<<<<

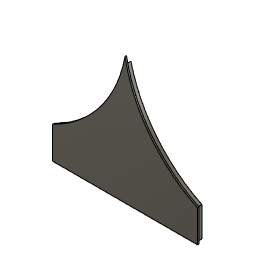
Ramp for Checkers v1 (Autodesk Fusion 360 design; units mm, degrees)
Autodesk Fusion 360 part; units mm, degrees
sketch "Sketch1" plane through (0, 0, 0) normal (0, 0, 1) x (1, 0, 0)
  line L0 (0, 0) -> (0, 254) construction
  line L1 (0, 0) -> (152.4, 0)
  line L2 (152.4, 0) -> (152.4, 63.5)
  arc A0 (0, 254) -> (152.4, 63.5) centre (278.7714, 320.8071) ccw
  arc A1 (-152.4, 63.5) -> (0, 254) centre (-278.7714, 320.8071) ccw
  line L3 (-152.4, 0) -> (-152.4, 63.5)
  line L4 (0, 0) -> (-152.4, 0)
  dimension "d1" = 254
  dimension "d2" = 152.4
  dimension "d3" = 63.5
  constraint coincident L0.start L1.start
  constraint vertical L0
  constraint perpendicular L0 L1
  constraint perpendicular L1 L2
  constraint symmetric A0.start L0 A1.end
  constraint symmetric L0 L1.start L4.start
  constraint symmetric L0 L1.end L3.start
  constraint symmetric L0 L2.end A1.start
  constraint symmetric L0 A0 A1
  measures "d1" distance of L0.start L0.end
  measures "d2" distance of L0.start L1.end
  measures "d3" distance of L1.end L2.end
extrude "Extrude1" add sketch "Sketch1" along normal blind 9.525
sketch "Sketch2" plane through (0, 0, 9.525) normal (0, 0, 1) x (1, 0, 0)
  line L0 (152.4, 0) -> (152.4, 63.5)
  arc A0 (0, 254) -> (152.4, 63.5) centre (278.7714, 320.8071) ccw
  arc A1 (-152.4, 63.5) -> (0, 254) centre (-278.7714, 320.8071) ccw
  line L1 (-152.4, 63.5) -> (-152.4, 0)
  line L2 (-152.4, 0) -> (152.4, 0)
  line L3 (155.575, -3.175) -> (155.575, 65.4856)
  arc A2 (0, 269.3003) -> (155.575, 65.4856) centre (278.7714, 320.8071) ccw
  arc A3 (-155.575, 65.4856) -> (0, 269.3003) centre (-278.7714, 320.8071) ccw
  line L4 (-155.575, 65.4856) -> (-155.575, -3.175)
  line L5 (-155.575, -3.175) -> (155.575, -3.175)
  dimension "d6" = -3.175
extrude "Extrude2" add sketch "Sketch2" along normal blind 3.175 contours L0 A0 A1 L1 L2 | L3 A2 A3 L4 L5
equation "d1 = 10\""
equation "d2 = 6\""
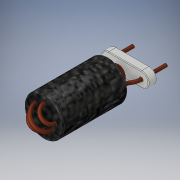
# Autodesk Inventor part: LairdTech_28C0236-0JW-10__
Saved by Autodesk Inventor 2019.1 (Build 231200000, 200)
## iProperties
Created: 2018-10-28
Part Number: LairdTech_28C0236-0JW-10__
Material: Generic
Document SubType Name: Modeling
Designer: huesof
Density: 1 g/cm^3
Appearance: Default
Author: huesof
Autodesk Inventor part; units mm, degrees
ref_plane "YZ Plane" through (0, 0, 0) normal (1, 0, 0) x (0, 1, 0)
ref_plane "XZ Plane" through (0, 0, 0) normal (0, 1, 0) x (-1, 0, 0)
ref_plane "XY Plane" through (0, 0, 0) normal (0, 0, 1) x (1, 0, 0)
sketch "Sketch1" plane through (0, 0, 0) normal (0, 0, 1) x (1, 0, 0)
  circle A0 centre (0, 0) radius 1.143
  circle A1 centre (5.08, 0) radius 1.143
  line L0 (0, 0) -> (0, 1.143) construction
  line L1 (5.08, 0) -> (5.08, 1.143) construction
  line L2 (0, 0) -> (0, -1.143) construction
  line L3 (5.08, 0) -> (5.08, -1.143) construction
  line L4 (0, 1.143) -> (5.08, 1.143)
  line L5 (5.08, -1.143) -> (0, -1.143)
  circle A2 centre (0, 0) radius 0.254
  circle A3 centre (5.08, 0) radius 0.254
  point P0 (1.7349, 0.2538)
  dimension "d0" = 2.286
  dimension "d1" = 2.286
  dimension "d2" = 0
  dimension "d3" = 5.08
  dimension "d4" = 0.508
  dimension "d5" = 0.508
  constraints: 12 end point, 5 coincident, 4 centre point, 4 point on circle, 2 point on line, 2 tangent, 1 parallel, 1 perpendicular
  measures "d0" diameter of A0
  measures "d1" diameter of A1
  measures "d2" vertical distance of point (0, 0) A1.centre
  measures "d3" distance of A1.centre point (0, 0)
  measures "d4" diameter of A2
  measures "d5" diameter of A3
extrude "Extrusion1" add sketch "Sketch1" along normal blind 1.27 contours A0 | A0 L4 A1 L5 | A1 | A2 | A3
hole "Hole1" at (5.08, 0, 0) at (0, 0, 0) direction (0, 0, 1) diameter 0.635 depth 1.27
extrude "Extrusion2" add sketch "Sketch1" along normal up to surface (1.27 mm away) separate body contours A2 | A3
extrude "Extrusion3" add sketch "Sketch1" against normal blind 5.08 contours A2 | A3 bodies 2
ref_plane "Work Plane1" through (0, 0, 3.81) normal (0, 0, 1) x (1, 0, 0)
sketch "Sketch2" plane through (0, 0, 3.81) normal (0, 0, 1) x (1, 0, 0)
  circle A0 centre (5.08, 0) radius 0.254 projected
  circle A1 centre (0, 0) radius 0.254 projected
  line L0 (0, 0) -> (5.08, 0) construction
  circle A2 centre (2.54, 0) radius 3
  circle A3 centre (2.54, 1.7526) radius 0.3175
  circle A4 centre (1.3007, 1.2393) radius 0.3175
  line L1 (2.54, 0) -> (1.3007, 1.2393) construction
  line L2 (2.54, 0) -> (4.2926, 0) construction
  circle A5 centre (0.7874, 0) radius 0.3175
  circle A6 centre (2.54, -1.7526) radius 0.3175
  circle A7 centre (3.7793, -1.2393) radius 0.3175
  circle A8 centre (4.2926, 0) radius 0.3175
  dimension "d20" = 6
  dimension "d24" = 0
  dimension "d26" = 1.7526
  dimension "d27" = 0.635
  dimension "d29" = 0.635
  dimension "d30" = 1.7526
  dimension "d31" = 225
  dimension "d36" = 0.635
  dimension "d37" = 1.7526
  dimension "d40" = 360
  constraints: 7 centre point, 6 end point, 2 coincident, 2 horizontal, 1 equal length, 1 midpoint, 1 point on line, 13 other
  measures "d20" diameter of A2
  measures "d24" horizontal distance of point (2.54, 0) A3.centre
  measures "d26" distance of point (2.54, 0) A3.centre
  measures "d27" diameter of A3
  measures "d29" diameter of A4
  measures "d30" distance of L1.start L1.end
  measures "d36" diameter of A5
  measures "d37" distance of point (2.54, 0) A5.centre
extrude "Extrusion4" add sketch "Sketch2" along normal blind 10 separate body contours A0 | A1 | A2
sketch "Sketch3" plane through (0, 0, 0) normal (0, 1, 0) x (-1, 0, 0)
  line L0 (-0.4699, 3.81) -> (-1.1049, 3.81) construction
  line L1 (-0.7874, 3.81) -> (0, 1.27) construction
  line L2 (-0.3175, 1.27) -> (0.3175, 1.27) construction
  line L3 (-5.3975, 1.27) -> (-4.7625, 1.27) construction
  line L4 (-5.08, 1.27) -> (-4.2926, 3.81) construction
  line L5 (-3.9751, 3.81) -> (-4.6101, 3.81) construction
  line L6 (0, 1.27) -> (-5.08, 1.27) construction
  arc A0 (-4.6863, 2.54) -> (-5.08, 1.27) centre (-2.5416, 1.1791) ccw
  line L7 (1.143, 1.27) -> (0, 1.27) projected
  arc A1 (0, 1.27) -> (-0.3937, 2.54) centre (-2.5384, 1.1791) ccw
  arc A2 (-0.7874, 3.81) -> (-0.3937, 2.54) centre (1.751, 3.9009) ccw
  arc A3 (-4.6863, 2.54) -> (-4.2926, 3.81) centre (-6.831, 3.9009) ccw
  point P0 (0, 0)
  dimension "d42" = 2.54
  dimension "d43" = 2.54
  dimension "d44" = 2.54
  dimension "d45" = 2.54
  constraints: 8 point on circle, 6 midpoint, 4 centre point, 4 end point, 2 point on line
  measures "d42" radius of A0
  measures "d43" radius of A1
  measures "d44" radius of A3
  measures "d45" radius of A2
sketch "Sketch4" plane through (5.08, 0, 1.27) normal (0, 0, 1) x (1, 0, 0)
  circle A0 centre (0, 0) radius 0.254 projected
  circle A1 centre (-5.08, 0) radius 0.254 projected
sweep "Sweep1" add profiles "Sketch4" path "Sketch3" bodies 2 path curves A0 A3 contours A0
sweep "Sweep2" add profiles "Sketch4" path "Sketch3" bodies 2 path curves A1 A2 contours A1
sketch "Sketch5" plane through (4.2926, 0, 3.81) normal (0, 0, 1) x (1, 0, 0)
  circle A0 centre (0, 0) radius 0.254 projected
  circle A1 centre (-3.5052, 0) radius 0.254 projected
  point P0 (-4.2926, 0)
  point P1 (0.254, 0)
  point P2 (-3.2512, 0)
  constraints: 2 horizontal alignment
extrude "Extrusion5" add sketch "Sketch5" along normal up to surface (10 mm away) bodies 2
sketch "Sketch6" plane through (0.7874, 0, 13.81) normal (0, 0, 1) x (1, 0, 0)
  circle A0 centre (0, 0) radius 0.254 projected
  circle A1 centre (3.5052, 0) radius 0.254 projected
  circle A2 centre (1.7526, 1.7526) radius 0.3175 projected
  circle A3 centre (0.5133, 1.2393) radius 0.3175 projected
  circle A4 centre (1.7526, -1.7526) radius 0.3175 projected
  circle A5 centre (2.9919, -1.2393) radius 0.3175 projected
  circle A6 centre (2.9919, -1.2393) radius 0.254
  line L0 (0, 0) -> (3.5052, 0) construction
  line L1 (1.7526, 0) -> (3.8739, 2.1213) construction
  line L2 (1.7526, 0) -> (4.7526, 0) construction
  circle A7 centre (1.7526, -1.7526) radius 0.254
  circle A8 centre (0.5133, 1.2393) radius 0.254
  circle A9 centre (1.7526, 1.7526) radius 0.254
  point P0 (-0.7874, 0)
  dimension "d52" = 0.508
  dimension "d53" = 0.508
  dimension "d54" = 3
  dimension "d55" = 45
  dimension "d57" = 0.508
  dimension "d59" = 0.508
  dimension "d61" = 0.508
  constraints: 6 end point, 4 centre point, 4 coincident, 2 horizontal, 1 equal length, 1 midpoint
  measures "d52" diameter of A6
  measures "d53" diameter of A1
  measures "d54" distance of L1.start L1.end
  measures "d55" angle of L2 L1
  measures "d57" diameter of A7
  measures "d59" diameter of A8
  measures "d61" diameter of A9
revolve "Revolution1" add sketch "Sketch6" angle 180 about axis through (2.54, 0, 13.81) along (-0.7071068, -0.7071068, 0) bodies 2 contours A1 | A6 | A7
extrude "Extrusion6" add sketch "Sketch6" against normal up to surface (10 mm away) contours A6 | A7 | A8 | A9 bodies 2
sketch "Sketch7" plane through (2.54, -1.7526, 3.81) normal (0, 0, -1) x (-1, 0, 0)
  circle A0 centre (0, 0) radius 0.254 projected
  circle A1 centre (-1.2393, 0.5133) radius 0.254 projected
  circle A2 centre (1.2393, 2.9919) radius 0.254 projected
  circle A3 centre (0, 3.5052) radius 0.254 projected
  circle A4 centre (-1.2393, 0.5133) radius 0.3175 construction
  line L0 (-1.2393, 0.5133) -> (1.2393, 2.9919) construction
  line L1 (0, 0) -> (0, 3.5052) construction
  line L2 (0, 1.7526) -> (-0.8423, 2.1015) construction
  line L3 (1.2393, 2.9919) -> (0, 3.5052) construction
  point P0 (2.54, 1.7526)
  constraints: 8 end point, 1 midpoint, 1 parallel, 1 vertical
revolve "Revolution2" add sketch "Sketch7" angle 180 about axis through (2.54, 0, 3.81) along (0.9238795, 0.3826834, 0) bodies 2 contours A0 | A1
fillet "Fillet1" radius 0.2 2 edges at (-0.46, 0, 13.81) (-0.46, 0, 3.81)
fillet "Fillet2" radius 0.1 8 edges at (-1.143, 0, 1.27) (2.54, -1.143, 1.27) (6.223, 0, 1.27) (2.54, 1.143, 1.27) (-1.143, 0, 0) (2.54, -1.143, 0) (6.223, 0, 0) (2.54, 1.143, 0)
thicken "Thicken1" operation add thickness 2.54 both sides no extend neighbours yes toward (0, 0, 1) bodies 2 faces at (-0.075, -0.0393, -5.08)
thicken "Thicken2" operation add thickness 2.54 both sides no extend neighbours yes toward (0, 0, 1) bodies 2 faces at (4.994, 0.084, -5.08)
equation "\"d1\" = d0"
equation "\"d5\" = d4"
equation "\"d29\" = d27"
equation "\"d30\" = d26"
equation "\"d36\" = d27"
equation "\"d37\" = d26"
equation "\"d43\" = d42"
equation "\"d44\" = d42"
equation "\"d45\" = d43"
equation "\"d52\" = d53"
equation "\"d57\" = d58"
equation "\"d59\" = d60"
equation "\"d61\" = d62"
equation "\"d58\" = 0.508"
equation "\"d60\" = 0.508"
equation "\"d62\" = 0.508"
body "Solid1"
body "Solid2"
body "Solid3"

>>>>

The response must contain each line above that holds the string "parallel".

§ Written solution:
  constraints: 12 end point, 5 coincident, 4 centre point, 4 point on circle, 2 point on line, 2 tangent, 1 parallel, 1 perpendicular
  constraints: 8 end point, 1 midpoint, 1 parallel, 1 vertical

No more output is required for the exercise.